In the present series, surgery was performed whenever possible in ACC patients with brain metastases, and this treatment approach, followed or not by radiation therapy, was associated with a better prognosis. Conversely, we were unable to demonstrate the efficacy of systemic therapies in this clinical setting, mainly because brain metastases in adults occurred late in a population already pretreated with standard systemic therapies and the number of pediatric patients with a reported follow-up was limited.

Adult patients had short survival, confirming the concept that brain involvement in ACC patients, as well as in many other oncologic patients, is associated with poor prognosis [36], which could be even worse in the case of leptomeningeal involvement. [37] However, the prognosis of the pediatric population seemed not so poor since the median PFS and OS were not reached, although a higher prevalence of secreting tumors (known as negative prognostic factor). Of note, one child obtained a spontaneous complete remission of brain and skin metastases after surgical removal of primary malignant adrenal disease. This exceptional disease course suggests the possible involvement of the immune system in disease control. The very low number of included children and the limited follow-up could not allow us to make a definitive statement in this respect.

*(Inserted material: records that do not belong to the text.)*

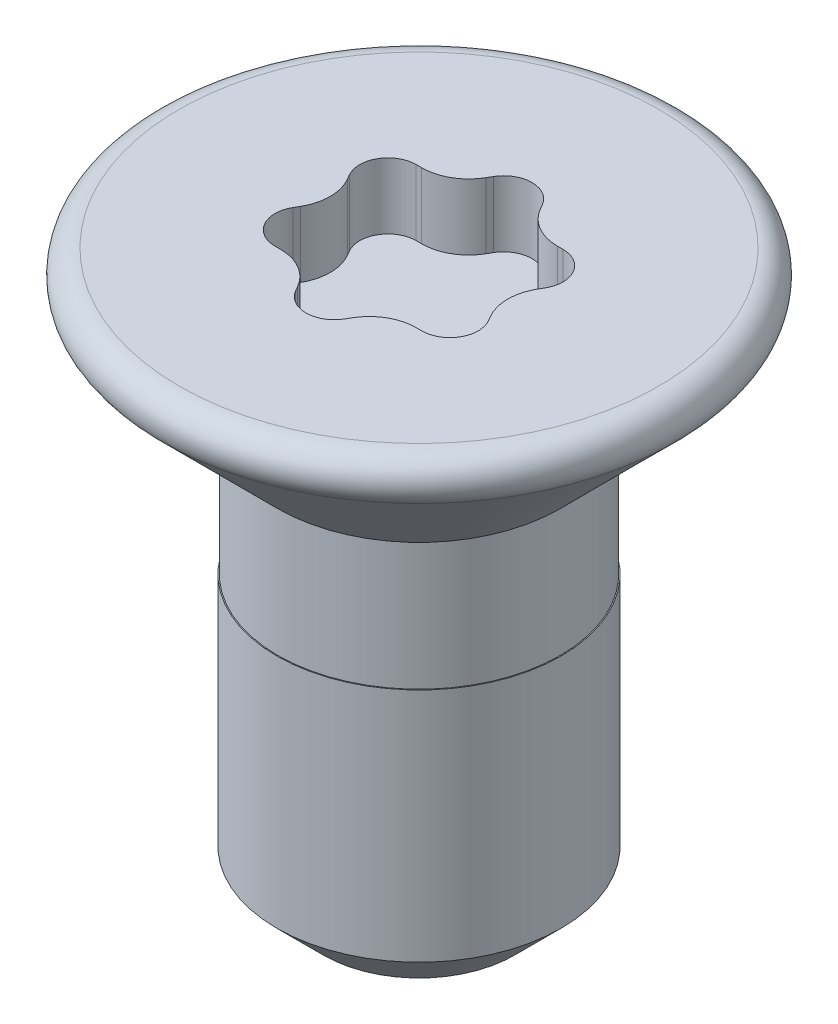
ISO-10303-21;
HEADER;
FILE_DESCRIPTION(('STEP AP214'),'2;1');
FILE_NAME('part.step','',(''),(''),'','','');
FILE_SCHEMA(('AUTOMOTIVE_DESIGN { 1 0 10303 214 1 1 1 1 }'));
ENDSEC;
DATA;
#1=APPLICATION_CONTEXT('core data for automotive mechanical design processes');
#2=APPLICATION_PROTOCOL_DEFINITION('international standard','automotive_design',2000,#1);
#3=PRODUCT_CONTEXT('',#1,'mechanical');
#4=PRODUCT('Part','Part','',(#3));
#5=PRODUCT_RELATED_PRODUCT_CATEGORY('part','',(#4));
#6=PRODUCT_DEFINITION_FORMATION('','',#4);
#7=PRODUCT_DEFINITION_CONTEXT('part definition',#1,'design');
#8=PRODUCT_DEFINITION('design','',#6,#7);
#9=PRODUCT_DEFINITION_SHAPE('','',#8);
#10=(LENGTH_UNIT() NAMED_UNIT(*) SI_UNIT(.MILLI.,.METRE.));
#11=(NAMED_UNIT(*) PLANE_ANGLE_UNIT() SI_UNIT($,.RADIAN.));
#12=(NAMED_UNIT(*) SI_UNIT($,.STERADIAN.) SOLID_ANGLE_UNIT());
#13=UNCERTAINTY_MEASURE_WITH_UNIT(LENGTH_MEASURE(1.E-05),#10,'distance_accuracy_value','');
#14=(GEOMETRIC_REPRESENTATION_CONTEXT(3) GLOBAL_UNCERTAINTY_ASSIGNED_CONTEXT((#13)) GLOBAL_UNIT_ASSIGNED_CONTEXT((#10,
#11,#12)) REPRESENTATION_CONTEXT('',''));
#15=CARTESIAN_POINT('',(0.,0.,0.));
#16=DIRECTION('',(0.,0.,1.));
#17=DIRECTION('',(1.,0.,0.));
#18=AXIS2_PLACEMENT_3D('',#15,#16,#17);
#19=CARTESIAN_POINT('',(0.,-6.,0.));
#20=DIRECTION('',(0.,-1.,0.));
#21=DIRECTION('',(1.,0.,0.));
#22=AXIS2_PLACEMENT_3D('',#19,#20,#21);
#23=PLANE('',#22);
#24=CARTESIAN_POINT('',(0.,-6.00000000008549,0.));
#25=DIRECTION('',(0.,1.,0.));
#26=DIRECTION('',(0.,0.,1.));
#27=AXIS2_PLACEMENT_3D('',#24,#25,#26);
#28=CIRCLE('',#27,1.01414213560247);
#29=CARTESIAN_POINT('',(0.,-6.00000000008549,1.01414213560247));
#30=VERTEX_POINT('',#29);
#31=EDGE_CURVE('E285',#30,#30,#28,.T.);
#32=ORIENTED_EDGE('',*,*,#31,.F.);
#33=EDGE_LOOP('',(#32));
#34=FACE_BOUND('',#33,.T.);
#35=ADVANCED_FACE('F17',(#34),#23,.T.);
#36=CARTESIAN_POINT('',(0.,-5.50414213569184,0.));
#37=DIRECTION('',(0.,1.,0.));
#38=DIRECTION('',(0.,0.,1.));
#39=AXIS2_PLACEMENT_3D('',#36,#37,#38);
#40=CONICAL_SURFACE('',#39,1.50999999999613,0.785398163397448);
#41=ORIENTED_EDGE('',*,*,#31,.T.);
#42=EDGE_LOOP('',(#41));
#43=FACE_BOUND('',#42,.T.);
#44=CARTESIAN_POINT('',(0.,-5.50414213562373,0.));
#45=DIRECTION('',(0.,1.,0.));
#46=DIRECTION('',(0.,0.,1.));
#47=AXIS2_PLACEMENT_3D('',#44,#45,#46);
#48=CIRCLE('',#47,1.51);
#49=CARTESIAN_POINT('',(0.,-5.50414213562373,1.51));
#50=VERTEX_POINT('',#49);
#51=EDGE_CURVE('E282',#50,#50,#48,.T.);
#52=ORIENTED_EDGE('',*,*,#51,.F.);
#53=EDGE_LOOP('',(#52));
#54=FACE_BOUND('',#53,.T.);
#55=ADVANCED_FACE('F747',(#43,#54),#40,.T.);
#56=CARTESIAN_POINT('',(0.,0.,0.));
#57=DIRECTION('',(0.,1.,0.));
#58=DIRECTION('',(0.,0.,1.));
#59=AXIS2_PLACEMENT_3D('',#56,#57,#58);
#60=CYLINDRICAL_SURFACE('',#59,1.51);
#61=ORIENTED_EDGE('',*,*,#51,.T.);
#62=EDGE_LOOP('',(#61));
#63=FACE_BOUND('',#62,.T.);
#64=CARTESIAN_POINT('',(0.,-3.,0.));
#65=DIRECTION('',(0.,1.,0.));
#66=DIRECTION('',(0.,0.,1.));
#67=AXIS2_PLACEMENT_3D('',#64,#65,#66);
#68=CIRCLE('',#67,1.51);
#69=CARTESIAN_POINT('',(0.,-3.,1.51));
#70=VERTEX_POINT('',#69);
#71=EDGE_CURVE('E284',#70,#70,#68,.T.);
#72=ORIENTED_EDGE('',*,*,#71,.F.);
#73=EDGE_LOOP('',(#72));
#74=FACE_BOUND('',#73,.T.);
#75=ADVANCED_FACE('F737',(#63,#74),#60,.T.);
#76=CARTESIAN_POINT('',(-1.5,-3.,0.));
#77=DIRECTION('',(0.,1.,0.));
#78=DIRECTION('',(0.,0.,1.));
#79=AXIS2_PLACEMENT_3D('',#76,#77,#78);
#80=PLANE('',#79);
#81=CARTESIAN_POINT('',(0.,-3.,0.));
#82=DIRECTION('',(0.,1.,0.));
#83=DIRECTION('',(-1.,0.,0.));
#84=AXIS2_PLACEMENT_3D('',#81,#82,#83);
#85=CIRCLE('',#84,1.5);
#86=CARTESIAN_POINT('',(-1.5,-3.,0.));
#87=VERTEX_POINT('',#86);
#88=EDGE_CURVE('E281',#87,#87,#85,.T.);
#89=ORIENTED_EDGE('',*,*,#88,.F.);
#90=EDGE_LOOP('',(#89));
#91=FACE_BOUND('',#90,.T.);
#92=ORIENTED_EDGE('',*,*,#71,.T.);
#93=EDGE_LOOP('',(#92));
#94=FACE_BOUND('',#93,.T.);
#95=ADVANCED_FACE('F727',(#91,#94),#80,.T.);
#96=CARTESIAN_POINT('',(0.,-1.65,0.));
#97=DIRECTION('',(0.,1.,0.));
#98=DIRECTION('',(-1.,0.,0.));
#99=AXIS2_PLACEMENT_3D('',#96,#97,#98);
#100=CYLINDRICAL_SURFACE('',#99,1.5);
#101=CARTESIAN_POINT('',(0.,-1.65000000004056,0.));
#102=DIRECTION('',(0.,1.,0.));
#103=DIRECTION('',(0.,0.,1.));
#104=AXIS2_PLACEMENT_3D('',#101,#102,#103);
#105=CIRCLE('',#104,1.49999999996453);
#106=CARTESIAN_POINT('',(0.,-1.65000000004056,1.49999999996453));
#107=VERTEX_POINT('',#106);
#108=EDGE_CURVE('E278',#107,#107,#105,.T.);
#109=ORIENTED_EDGE('',*,*,#108,.F.);
#110=EDGE_LOOP('',(#109));
#111=FACE_BOUND('',#110,.T.);
#112=ORIENTED_EDGE('',*,*,#88,.T.);
#113=EDGE_LOOP('',(#112));
#114=FACE_BOUND('',#113,.T.);
#115=ADVANCED_FACE('F719',(#111,#114),#100,.T.);
#116=CARTESIAN_POINT('',(0.,-0.426776695405806,0.));
#117=DIRECTION('',(0.,1.,0.));
#118=DIRECTION('',(-1.,0.,0.));
#119=AXIS2_PLACEMENT_3D('',#116,#117,#118);
#120=CONICAL_SURFACE('',#119,2.72322330459929,0.785398163397448);
#121=ORIENTED_EDGE('',*,*,#108,.T.);
#122=EDGE_LOOP('',(#121));
#123=FACE_BOUND('',#122,.T.);
#124=CARTESIAN_POINT('',(0.,-0.426776695296636,0.));
#125=DIRECTION('',(0.,-1.,0.));
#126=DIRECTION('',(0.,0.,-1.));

In conclusion, this paper confirms that brain metastases in adult and pediatric patients with ACC are rare. In adults, brain involvement occurs late in the natural history of the disease and is associated with poor prognosis, particularly in the case of leptomeningeal involvement. Children patients with brain metastases seem to have a better prognosis than adults. Surgery plus minus radiation therapy can obtain durable local disease control. Since Temozolomide, the reference drug in the management of primary brain tumors and brain metastases from several malignancies [38, 39], has been demonstrated to be active also in ACC patients [40, 41] it could be a possible systemic option in this clinical setting.

Conclusion

Brain metastases are extremely rare in patients affected by ACC, worsening their prognosis. Despite their rarity, brain involvement from ACC should not be excluded a priori, especially in presence of neurological disturbs not explainable as toxicities due to mitotane therapy.